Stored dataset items

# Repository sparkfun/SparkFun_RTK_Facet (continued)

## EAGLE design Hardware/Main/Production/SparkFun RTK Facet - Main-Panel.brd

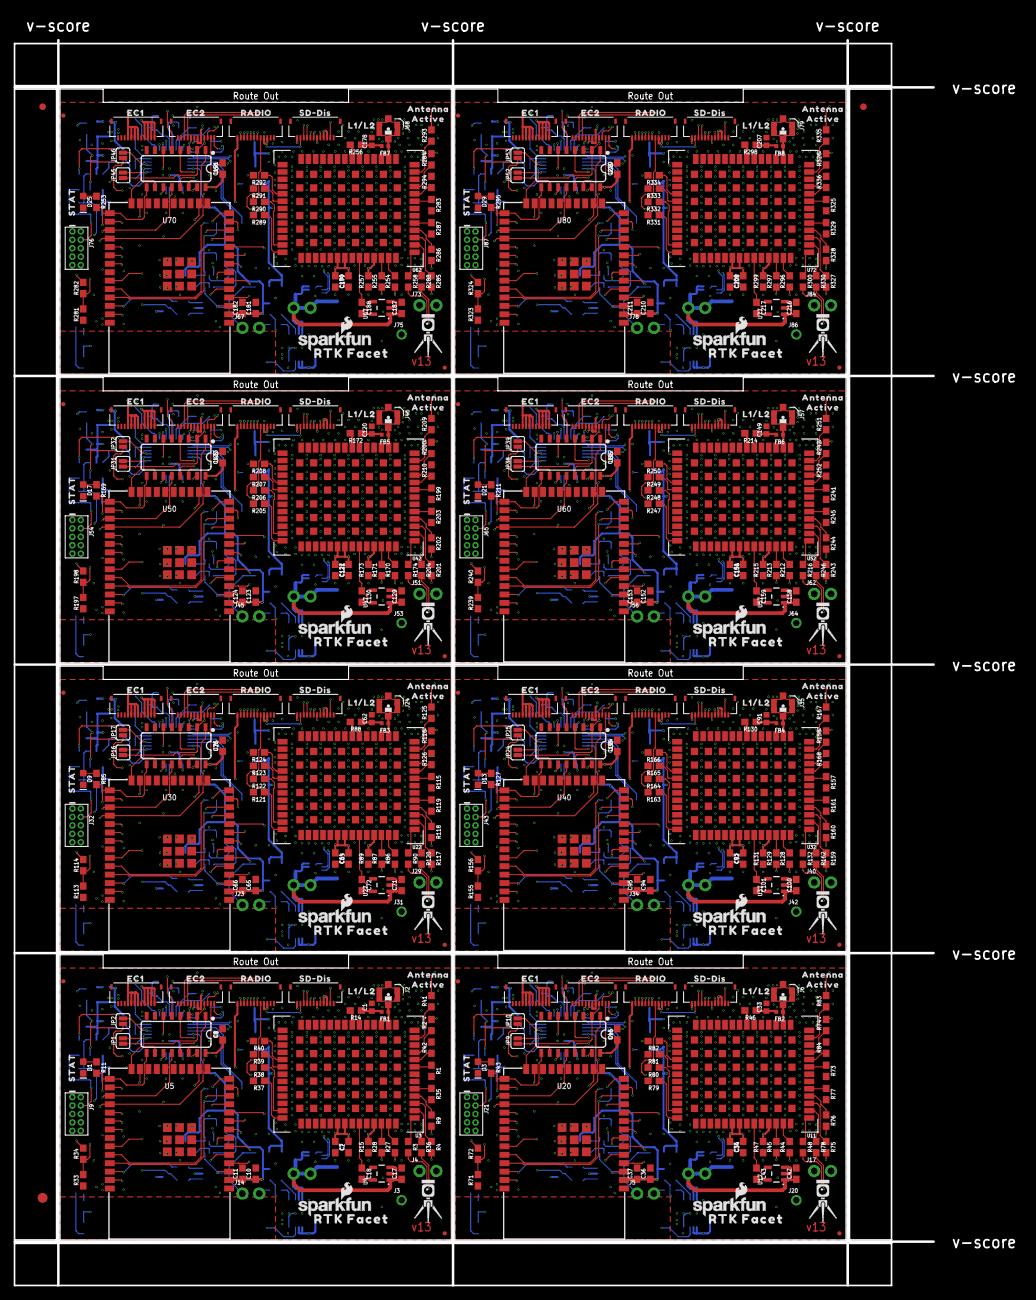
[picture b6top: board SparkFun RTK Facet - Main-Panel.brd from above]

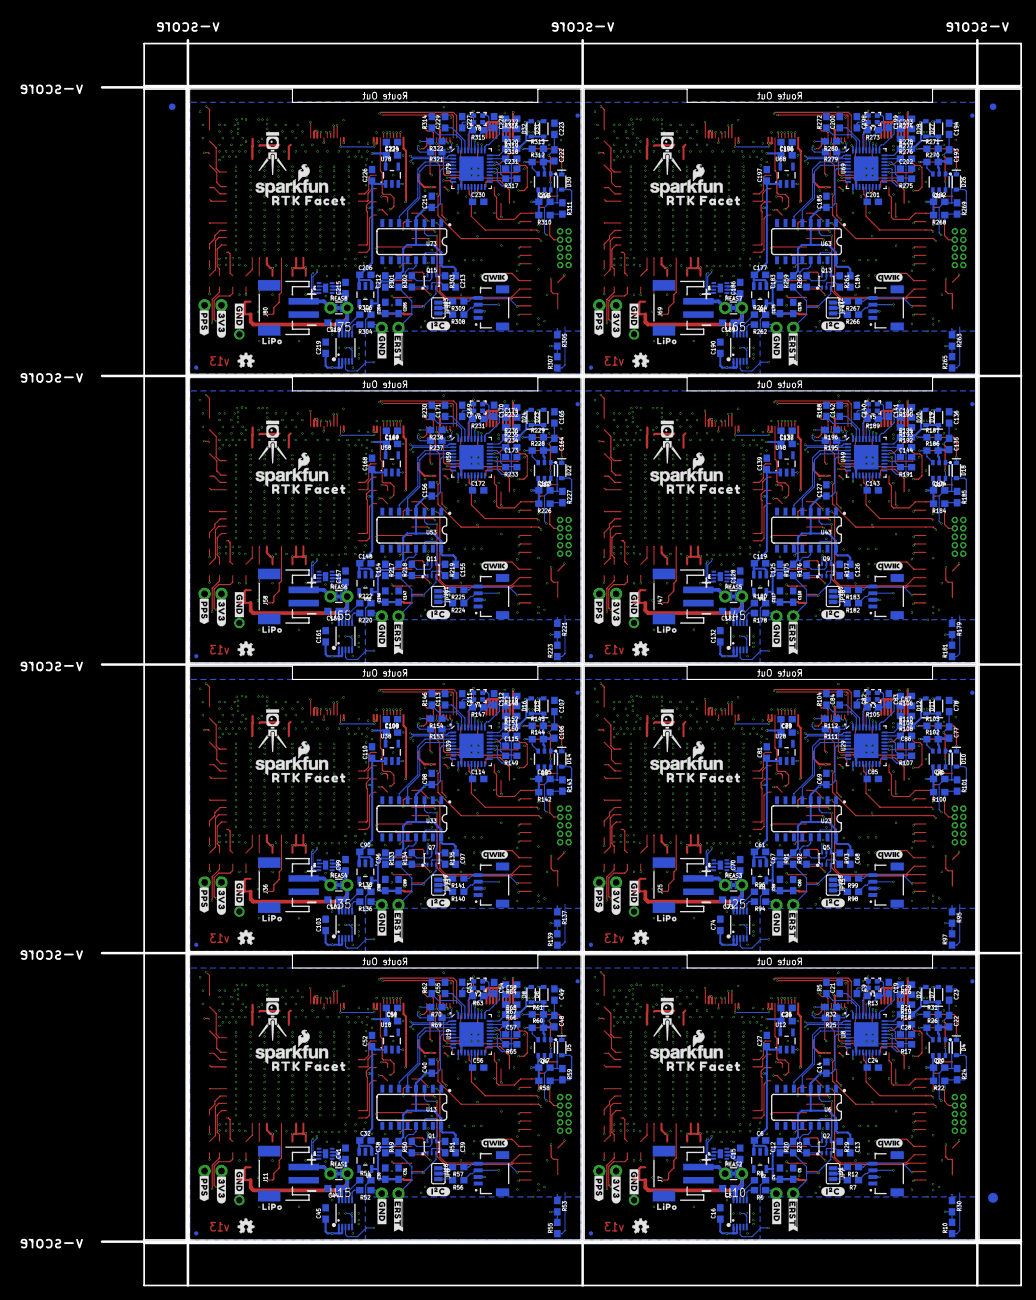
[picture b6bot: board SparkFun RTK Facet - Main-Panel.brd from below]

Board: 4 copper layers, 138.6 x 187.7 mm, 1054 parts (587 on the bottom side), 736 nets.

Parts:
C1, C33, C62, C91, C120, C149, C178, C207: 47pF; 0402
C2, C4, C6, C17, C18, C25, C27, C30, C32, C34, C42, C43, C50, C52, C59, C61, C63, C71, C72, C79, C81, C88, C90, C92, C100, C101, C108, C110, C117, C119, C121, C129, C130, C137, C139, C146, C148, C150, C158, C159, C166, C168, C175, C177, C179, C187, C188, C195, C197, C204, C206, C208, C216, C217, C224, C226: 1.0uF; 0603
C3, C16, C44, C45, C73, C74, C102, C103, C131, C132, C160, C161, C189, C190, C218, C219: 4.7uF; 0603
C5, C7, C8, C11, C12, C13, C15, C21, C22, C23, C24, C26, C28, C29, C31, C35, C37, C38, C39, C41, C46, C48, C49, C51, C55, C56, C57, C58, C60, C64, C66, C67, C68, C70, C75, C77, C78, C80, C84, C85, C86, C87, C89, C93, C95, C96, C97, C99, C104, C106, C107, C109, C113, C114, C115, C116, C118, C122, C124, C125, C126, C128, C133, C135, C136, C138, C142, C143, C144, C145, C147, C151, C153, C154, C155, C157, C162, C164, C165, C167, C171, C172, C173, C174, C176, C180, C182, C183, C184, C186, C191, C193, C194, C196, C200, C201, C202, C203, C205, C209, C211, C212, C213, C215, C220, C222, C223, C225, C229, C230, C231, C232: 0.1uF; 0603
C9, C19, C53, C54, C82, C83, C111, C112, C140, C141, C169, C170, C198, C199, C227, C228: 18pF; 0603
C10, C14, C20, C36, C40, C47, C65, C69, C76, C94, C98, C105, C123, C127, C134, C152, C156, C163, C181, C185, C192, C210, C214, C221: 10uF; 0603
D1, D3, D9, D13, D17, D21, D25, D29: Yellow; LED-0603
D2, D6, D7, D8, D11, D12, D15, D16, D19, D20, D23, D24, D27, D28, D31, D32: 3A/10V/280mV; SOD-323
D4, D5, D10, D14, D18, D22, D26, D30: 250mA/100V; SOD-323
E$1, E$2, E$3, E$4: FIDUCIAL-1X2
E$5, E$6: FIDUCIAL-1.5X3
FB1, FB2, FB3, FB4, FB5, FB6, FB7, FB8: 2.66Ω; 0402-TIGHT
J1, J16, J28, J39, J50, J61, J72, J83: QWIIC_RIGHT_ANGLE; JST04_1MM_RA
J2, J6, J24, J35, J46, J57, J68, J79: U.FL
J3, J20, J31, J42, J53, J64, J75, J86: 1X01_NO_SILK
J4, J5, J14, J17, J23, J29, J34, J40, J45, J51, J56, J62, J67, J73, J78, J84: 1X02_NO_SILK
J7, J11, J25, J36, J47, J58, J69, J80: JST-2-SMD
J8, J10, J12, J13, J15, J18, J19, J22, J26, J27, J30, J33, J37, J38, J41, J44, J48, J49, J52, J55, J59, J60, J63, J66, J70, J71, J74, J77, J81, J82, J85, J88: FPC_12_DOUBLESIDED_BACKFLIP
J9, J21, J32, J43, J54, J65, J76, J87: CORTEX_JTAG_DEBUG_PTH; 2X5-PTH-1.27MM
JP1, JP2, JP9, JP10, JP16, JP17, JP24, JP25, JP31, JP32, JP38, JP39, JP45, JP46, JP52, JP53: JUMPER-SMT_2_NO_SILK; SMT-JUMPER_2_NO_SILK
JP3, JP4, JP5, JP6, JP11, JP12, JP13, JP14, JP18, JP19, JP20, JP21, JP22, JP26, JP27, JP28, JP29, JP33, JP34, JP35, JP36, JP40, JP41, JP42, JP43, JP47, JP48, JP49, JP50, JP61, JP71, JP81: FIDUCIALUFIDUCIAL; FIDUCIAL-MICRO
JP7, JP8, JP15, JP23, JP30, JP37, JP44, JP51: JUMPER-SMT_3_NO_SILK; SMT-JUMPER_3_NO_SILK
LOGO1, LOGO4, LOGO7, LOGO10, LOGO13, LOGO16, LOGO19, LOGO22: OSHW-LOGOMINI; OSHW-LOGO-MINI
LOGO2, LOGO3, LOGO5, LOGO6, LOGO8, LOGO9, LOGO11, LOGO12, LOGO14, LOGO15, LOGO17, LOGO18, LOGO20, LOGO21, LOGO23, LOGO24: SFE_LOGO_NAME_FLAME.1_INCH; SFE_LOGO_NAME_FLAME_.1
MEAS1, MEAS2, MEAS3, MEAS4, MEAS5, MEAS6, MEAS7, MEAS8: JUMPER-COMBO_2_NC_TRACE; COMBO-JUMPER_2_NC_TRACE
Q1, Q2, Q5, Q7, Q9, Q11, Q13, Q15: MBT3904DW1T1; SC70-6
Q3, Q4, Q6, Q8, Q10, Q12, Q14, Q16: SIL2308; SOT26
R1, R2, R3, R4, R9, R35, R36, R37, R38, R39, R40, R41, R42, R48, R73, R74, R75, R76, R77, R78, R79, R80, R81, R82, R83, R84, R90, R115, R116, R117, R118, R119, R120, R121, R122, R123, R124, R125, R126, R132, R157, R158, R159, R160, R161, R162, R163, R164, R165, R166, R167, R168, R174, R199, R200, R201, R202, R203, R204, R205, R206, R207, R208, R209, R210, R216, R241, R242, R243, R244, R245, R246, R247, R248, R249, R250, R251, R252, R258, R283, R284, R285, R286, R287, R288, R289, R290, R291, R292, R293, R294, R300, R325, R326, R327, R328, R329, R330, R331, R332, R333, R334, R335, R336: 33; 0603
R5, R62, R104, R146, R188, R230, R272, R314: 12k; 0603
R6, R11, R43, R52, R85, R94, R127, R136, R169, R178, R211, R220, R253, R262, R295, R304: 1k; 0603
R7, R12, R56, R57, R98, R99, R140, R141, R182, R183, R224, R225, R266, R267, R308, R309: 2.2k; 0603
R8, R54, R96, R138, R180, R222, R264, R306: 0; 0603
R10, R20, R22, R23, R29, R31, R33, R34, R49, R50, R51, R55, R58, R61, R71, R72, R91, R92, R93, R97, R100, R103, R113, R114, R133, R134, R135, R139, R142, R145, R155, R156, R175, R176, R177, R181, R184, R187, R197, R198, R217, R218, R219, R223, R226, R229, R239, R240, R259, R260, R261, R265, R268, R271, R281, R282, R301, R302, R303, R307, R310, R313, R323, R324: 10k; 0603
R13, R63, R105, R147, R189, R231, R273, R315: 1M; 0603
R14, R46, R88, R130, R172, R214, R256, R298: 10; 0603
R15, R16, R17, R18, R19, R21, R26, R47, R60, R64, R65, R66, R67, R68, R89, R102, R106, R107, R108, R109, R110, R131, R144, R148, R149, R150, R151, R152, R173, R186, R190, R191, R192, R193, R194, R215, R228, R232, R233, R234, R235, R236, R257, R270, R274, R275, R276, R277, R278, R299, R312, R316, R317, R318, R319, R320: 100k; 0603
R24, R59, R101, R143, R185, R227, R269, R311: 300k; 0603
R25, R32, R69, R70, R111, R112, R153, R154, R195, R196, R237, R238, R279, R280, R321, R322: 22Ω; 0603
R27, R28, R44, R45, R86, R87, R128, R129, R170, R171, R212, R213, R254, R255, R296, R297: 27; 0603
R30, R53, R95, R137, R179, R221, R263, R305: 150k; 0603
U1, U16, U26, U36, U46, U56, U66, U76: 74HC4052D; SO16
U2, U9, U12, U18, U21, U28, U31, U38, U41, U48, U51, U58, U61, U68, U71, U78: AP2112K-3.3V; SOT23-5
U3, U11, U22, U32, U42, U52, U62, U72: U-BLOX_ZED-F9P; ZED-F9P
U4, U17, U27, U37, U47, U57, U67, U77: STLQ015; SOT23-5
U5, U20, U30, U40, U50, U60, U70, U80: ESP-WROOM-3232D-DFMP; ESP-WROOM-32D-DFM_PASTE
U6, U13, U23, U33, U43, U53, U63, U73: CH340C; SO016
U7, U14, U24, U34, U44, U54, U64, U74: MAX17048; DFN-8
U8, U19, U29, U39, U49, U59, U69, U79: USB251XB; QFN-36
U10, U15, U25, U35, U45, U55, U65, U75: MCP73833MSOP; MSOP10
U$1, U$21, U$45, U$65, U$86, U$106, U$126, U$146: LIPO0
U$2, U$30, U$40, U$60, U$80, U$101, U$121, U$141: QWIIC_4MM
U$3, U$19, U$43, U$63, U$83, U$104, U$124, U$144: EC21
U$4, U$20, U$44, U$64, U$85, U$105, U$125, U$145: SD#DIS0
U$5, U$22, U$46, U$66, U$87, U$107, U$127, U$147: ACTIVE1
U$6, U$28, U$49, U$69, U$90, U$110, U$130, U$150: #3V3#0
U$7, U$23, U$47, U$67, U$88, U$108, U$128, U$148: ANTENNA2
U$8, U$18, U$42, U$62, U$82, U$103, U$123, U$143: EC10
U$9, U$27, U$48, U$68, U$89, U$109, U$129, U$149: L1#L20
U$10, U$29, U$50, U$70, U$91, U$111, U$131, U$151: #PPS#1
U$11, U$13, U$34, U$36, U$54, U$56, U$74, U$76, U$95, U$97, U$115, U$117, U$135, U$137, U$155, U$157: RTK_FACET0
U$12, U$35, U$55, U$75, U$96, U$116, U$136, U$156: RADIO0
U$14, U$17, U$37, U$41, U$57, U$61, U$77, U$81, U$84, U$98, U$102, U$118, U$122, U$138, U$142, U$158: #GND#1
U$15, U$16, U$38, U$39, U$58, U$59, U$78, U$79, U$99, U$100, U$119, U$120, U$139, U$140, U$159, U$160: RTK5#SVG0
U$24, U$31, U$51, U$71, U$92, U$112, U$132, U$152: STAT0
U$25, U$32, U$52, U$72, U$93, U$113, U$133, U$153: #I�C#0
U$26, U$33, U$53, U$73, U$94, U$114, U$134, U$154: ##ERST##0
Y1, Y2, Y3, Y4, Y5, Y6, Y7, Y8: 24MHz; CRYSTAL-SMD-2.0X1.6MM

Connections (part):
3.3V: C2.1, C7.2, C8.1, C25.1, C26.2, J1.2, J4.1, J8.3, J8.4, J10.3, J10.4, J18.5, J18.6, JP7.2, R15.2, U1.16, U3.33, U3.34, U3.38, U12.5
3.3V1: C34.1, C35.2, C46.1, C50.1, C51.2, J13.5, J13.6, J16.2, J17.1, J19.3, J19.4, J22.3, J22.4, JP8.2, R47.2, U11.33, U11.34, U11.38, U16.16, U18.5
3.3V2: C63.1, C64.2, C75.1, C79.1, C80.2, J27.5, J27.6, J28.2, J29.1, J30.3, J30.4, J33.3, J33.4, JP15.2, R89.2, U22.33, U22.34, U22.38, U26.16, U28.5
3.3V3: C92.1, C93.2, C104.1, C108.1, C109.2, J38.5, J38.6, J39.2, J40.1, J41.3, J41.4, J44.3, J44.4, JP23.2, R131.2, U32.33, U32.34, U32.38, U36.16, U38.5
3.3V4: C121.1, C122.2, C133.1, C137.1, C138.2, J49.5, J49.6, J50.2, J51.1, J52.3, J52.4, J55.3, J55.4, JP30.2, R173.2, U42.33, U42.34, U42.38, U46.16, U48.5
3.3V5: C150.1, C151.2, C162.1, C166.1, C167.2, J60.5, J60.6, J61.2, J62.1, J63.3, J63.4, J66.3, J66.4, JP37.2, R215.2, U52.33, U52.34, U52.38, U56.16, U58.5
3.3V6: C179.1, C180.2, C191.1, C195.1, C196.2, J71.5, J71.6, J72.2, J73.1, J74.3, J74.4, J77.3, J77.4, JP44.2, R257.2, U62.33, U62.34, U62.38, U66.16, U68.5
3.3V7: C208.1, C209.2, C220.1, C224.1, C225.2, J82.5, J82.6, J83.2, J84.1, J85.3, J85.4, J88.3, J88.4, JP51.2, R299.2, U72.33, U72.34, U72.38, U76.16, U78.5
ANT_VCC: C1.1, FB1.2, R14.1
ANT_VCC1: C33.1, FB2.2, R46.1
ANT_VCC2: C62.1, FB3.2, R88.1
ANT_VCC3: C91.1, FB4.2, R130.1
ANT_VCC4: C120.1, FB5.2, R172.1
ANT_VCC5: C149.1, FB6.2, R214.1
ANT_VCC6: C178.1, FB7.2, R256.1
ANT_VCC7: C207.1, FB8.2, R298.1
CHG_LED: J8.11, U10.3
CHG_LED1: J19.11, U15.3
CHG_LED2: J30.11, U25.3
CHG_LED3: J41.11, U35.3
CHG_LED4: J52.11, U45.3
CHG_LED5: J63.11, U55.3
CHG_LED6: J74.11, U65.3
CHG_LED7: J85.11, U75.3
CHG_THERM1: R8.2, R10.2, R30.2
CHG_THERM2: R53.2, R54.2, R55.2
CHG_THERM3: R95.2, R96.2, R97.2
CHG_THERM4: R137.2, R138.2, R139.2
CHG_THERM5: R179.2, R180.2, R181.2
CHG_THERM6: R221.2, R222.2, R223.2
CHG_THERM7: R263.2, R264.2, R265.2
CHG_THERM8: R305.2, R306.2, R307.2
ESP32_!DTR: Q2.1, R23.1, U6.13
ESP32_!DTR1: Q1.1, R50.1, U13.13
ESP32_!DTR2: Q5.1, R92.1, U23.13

EXERCISE BRIEF: Using the entries shown above, reproduce verbatim the lines from the line bearing "U78: AP2112K-3.3V; SOT23-5" to the line bearing "U7, U14, U24, U34, U44, U54, U64, U74: MAX17048;", inclusive.

SOLUTION FOR THIS TASK:
U2, U9, U12, U18, U21, U28, U31, U38, U41, U48, U51, U58, U61, U68, U71, U78: AP2112K-3.3V; SOT23-5
U3, U11, U22, U32, U42, U52, U62, U72: U-BLOX_ZED-F9P; ZED-F9P
U4, U17, U27, U37, U47, U57, U67, U77: STLQ015; SOT23-5
U5, U20, U30, U40, U50, U60, U70, U80: ESP-WROOM-3232D-DFMP; ESP-WROOM-32D-DFM_PASTE
U6, U13, U23, U33, U43, U53, U63, U73: CH340C; SO016
U7, U14, U24, U34, U44, U54, U64, U74: MAX17048; DFN-8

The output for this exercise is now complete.